È passato un anno da quando, nel maggio 2021, un paziente svizzero in attesa di un trapianto di fegato ha ricevuto un organo che era stato “scartato” dai centri specializzati elvetici. L’organo era stato scartato perché presentava alcune situazioni critiche legate alla malattia della donatrice (una ragazza di 29 anni), ed era poi stato “ricondizionato” grazie a una tecnica particolare, rimanendo però fuori dall’organismo della ragazza stessa per tre giorni e non, come accade di solito, solo per qualche ora (altrimenti, di norma, il fegato si deteriora e non è più trapiantabile).
L’uomo aveva un tumore epatico in rapida progressione, e non poteva attendere un trapianto tradizionale: per questo si è prestato a un esperimento (il primo di questo genere) che gli è stato proposto dallo Wyss Zurich Translational Center, un istituto creato – con una donazione dell’imprenditore Hansjörg Wyss – dall’Università di Zurigo e dal Politecnico federale, che nel 2015 avevano intrapreso l’ambizioso progetto “Liver4Life”, incentrato sul miglioramento delle tecniche di conservazione degli organi destinati ai trapianti, per ampliarne la disponibilità.
Trapianto di fegato: verso interventi programmati e una riduzione delle urgenze
L’uomo oggi sta bene, e la sua esperienza è stata analizzata e raccontata in un articolo appena pubblicato sulla rivista scientifica Nature Biotechnology, con l’auspicio da parte dei ricercatori che a questo primo paziente ne seguano molti altri, e che la strumentazione messa a punto possa entrare a far parte dell’equipaggiamento di altri centri trapiantologici.
In sintesi, ciò che ha realizzato il team multidisciplinare è un macchinario che riproduce nel modo più fedele possibile ciò che accade nel corpo umano. Così, il fegato è stato collegato a una pompa che replica il cuore, a una mini-macchina da dialisi che espleta le funzioni renali, e a un’attrezzatura da ossigenazione che riproduce i polmoni. In più, i ricercatori hanno inserito un diaframma artificiale, che ha “arginato” il fegato analogamente al vero diaframma (il muscolo che separa la cavita toracica da quella addominale), e il tutto è stato sottoposto a un leggero movimento, al ritmo di una normale respirazione umana.
Eliminate le infezioni
Mentre era in perfusione, il fegato ha ricevuto gli elementi essenziali quali i minerali, le vitamine, gli ormoni, i fattori di crescita, gli enzimi che riproducono le funzioni intestinali e pancreatiche, ma – e questo è uno dei segreti del successo della tecnica – l’organo è stato anche trattato con farmaci che ne hanno migliorato le condizioni, eliminando le possibili infezioni in corso e riducendo le infiammazioni da trauma.
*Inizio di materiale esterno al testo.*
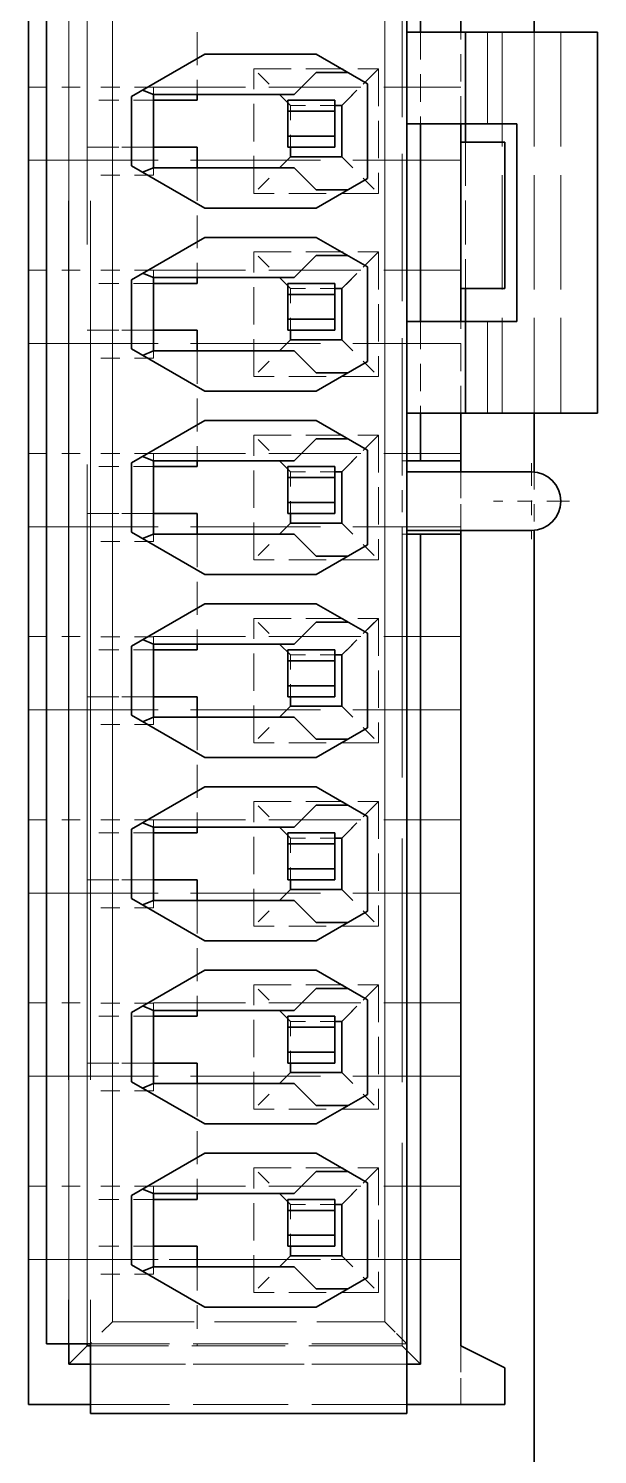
# Model space of a CAD drawing. Extents: x 23 to 417, y 3 to 294.
# Drawn here: x 157.32 to 161.21, y 128.12 to 137.85 of the extents above; entities that cross this region are included whole.
import ezdxf

# ---------------------------------------------------------------- set-up
doc = ezdxf.new("R2010")
doc.units = 0
doc.linetypes.add('DASHDOT', pattern=[18.5, 12, -3, 0.5, -3])
doc.linetypes.add('DASHED', pattern=[15, 12, -3])
doc.layers.get('0').update_dxf_attribs({"lineweight": 13})

# ---------------------------------------------------------------- blocks, each defined once
blk = doc.blocks.new('BLOCK3483')
at = {"color": 7, "linetype": 'DASHDOT', "lineweight": 13, "ltscale": 0.026}
for p, q in [((80.964, 18.689), (80.964, 17.649)), ((81.484, 18.169), (80.444, 18.169))]:
    blk.add_line(p, q, dxfattribs=at)
blk = doc.blocks.new('BLOCK3494')
at = {"color": 7, "lineweight": 35}
for p, q in [((74.1, 38.3), (74.1, 5.84)), ((74.1, 5.84), (74.1, 38.3)), ((74.344, 6.669), (74.344, 37.269)), ((74.344, 37.269), (74.344, 6.669)), ((81, 17.77), (81, -50.2))]:
    blk.add_line(p, q, dxfattribs=at)
at = {"color": 7, "linetype": 'DASHED', "lineweight": 13}
for p, q in [((74.644, 37.269), (74.644, 6.669)), ((74.644, 37.269), (74.644, 6.669)), ((74.65, 37.269), (74.65, 6.669)), ((74.65, 6.669), (74.65, 37.269)), ((74.9, 6.669), (74.9, 37.269)), ((74.9, 6.669), (74.9, 37.269)), ((74.944, 37.269), (74.944, 6.669)), ((74.944, 37.269), (74.944, 6.669)), ((75.244, 36.969), (75.244, 6.969)), ((75.244, 6.969), (75.244, 36.969)), ((78.964, 6.969), (78.964, 36.969)), ((78.964, 36.969), (78.964, 6.969))]:
    blk.add_line(p, q, dxfattribs=at)
at = {"color": 7, "linetype": 'DASHED', "lineweight": 13, "ltscale": 0.1675}
blk.add_line((79.2, 25.42), (79.2, 18.72), dxfattribs=at)
blk.add_line((79.2, 25.42), (79.2, 18.72), dxfattribs=at)
at = {"color": 7, "lineweight": 35, "ltscale": 0.17}
for p, q in [((79.264, 25.369), (79.264, 18.569)), ((79.264, 18.569), (79.264, 25.369))]:
    blk.add_line(p, q, dxfattribs=at)
at = {"color": 7, "lineweight": 35, "ltscale": 0.02}
for p, q in [((79.45, 25.369), (79.45, 24.569)), ((79.45, 25.369), (79.45, 24.569)), ((80, 24.569), (80, 25.369)), ((80, 24.569), (80, 25.369)), ((79.264, 24.569), (80.064, 24.569)), ((80.064, 24.569), (79.264, 24.569)), ((80.064, 23.319), (79.264, 23.319)), ((79.264, 23.319), (80.064, 23.319)), ((79.264, 20.619), (80.064, 20.619)), ((79.264, 20.619), (80.064, 20.619)), ((80.064, 19.369), (79.264, 19.369)), ((80.064, 19.369), (79.264, 19.369)), ((79.264, 18.569), (79.264, 17.769)), ((79.264, 17.769), (79.264, 18.569))]:
    blk.add_line(p, q, dxfattribs=at)
at = {"color": 7, "lineweight": 35, "ltscale": 0.02004}
for p, q in [((81, 25.37), (81, 24.569)), ((81, 19.369), (81, 18.567))]:
    blk.add_line(p, q, dxfattribs=at)
at = {"color": 7, "linetype": 'DASHED', "lineweight": 13, "ltscale": 0.0375}
for p, q in [((76.4, 25.219), (76.4, 23.719)), ((76.4, 25.219), (76.4, 23.719)), ((76.4, 22.719), (76.4, 21.219)), ((76.4, 22.719), (76.4, 21.219)), ((76.4, 20.219), (76.4, 18.719)), ((76.4, 20.219), (76.4, 18.719)), ((76.4, 17.719), (76.4, 16.219)), ((76.4, 17.719), (76.4, 16.219)), ((76.4, 15.219), (76.4, 13.719)), ((76.4, 15.219), (76.4, 13.719)), ((76.4, 12.719), (76.4, 11.219)), ((76.4, 12.719), (76.4, 11.219)), ((76.4, 10.219), (76.4, 8.719)), ((76.4, 10.219), (76.4, 8.719))]:
    blk.add_line(p, q, dxfattribs=at)
at = {"color": 7, "linetype": 'DASHED', "lineweight": 13, "ltscale": 0.03125}
for p, q in [((79.45, 24.569), (79.45, 23.319)), ((79.45, 24.569), (79.45, 23.319)), ((80, 23.319), (80, 24.569)), ((80, 23.319), (80, 24.569)), ((79.45, 20.619), (79.45, 19.369)), ((79.45, 20.619), (79.45, 19.369)), ((80, 19.369), (80, 20.619)), ((80, 19.369), (80, 20.619))]:
    blk.add_line(p, q, dxfattribs=at)
at = {"color": 7, "lineweight": 35, "ltscale": 0.0075}
for p, q in [((80.364, 24.569), (80.064, 24.569)), ((80.064, 24.569), (80.364, 24.569)), ((80.064, 23.319), (80.364, 23.319)), ((80.064, 23.319), (80.364, 23.319)), ((80.064, 20.619), (80.364, 20.619)), ((80.064, 20.619), (80.364, 20.619)), ((80.364, 19.369), (80.064, 19.369)), ((80.064, 19.369), (80.364, 19.369))]:
    blk.add_line(p, q, dxfattribs=at)
at = {"color": 7, "lineweight": 35, "ltscale": 0.03125}
for p, q in [((80.064, 24.569), (80.064, 23.319)), ((80.064, 24.569), (80.064, 23.319)), ((80.064, 20.619), (80.064, 19.369)), ((80.064, 20.619), (80.064, 19.369))]:
    blk.add_line(p, q, dxfattribs=at)
at = {"color": 7, "lineweight": 35, "ltscale": 0.0375}
for p, q in [((80.364, 24.569), (81.864, 24.569)), ((81.864, 24.569), (80.364, 24.569)), ((80.364, 19.369), (81.864, 19.369)), ((81.864, 19.369), (80.364, 19.369))]:
    blk.add_line(p, q, dxfattribs=at)
at = {"color": 7, "lineweight": 13, "ltscale": 0.03125}
for p, q in [((80.364, 24.569), (80.364, 23.319)), ((80.364, 24.569), (80.364, 23.319)), ((80.364, 20.619), (80.364, 19.369)), ((80.364, 20.619), (80.364, 19.369))]:
    blk.add_line(p, q, dxfattribs=at)
at = {"color": 7, "linetype": 'DASHED', "lineweight": 13, "ltscale": 0.13}
for p, q in [((80.564, 24.569), (80.564, 19.369)), ((80.564, 24.569), (80.564, 19.369)), ((81, 24.569), (81, 19.369)), ((81.364, 24.569), (81.364, 19.369)), ((81.364, 24.569), (81.364, 19.369))]:
    blk.add_line(p, q, dxfattribs=at)
at = {"color": 7, "lineweight": 35, "ltscale": 0.13}
blk.add_line((81.864, 24.569), (81.864, 19.369), dxfattribs=at)
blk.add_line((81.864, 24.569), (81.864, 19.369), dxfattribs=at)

Inoltre, il fatto di avere a disposizione molte ore in più ha consentito ai chirurghi e agli altri esperti di effettuare analisi accurate senza l’urgenza legata a solo poche decine di minuti, come capita di solito. E tutto questo ha trasformato un fegato ritenuto non accettabile, secondo i principi internazionali oggi validi, in un organo potenzialmente utilizzabile.
Nuove sperimentazioni
Il prossimo passo sarà l’organizzazione di uno studio multicentrico (che comprenda, cioè, ospedali diversi, in Paesi diversi) per verificare se la strumentazione, usata in differenti strutture, sia ugualmente performante, e se sia quindi possibile standardizzare procedure e materiali.
Secondo i chirurghi di Zurigo, probabilmente si potrebbe arrivare fino a dieci giorni di conservazione dell’organo da trapiantare al di fuori del corpo, e la tecnica potrebbe essere estesa, con le dovute correzioni, anche ad altri organi. Il trapianto, in questo modo, sarebbe anche molto più programmabile, e meno caratterizzato dall’urgenza.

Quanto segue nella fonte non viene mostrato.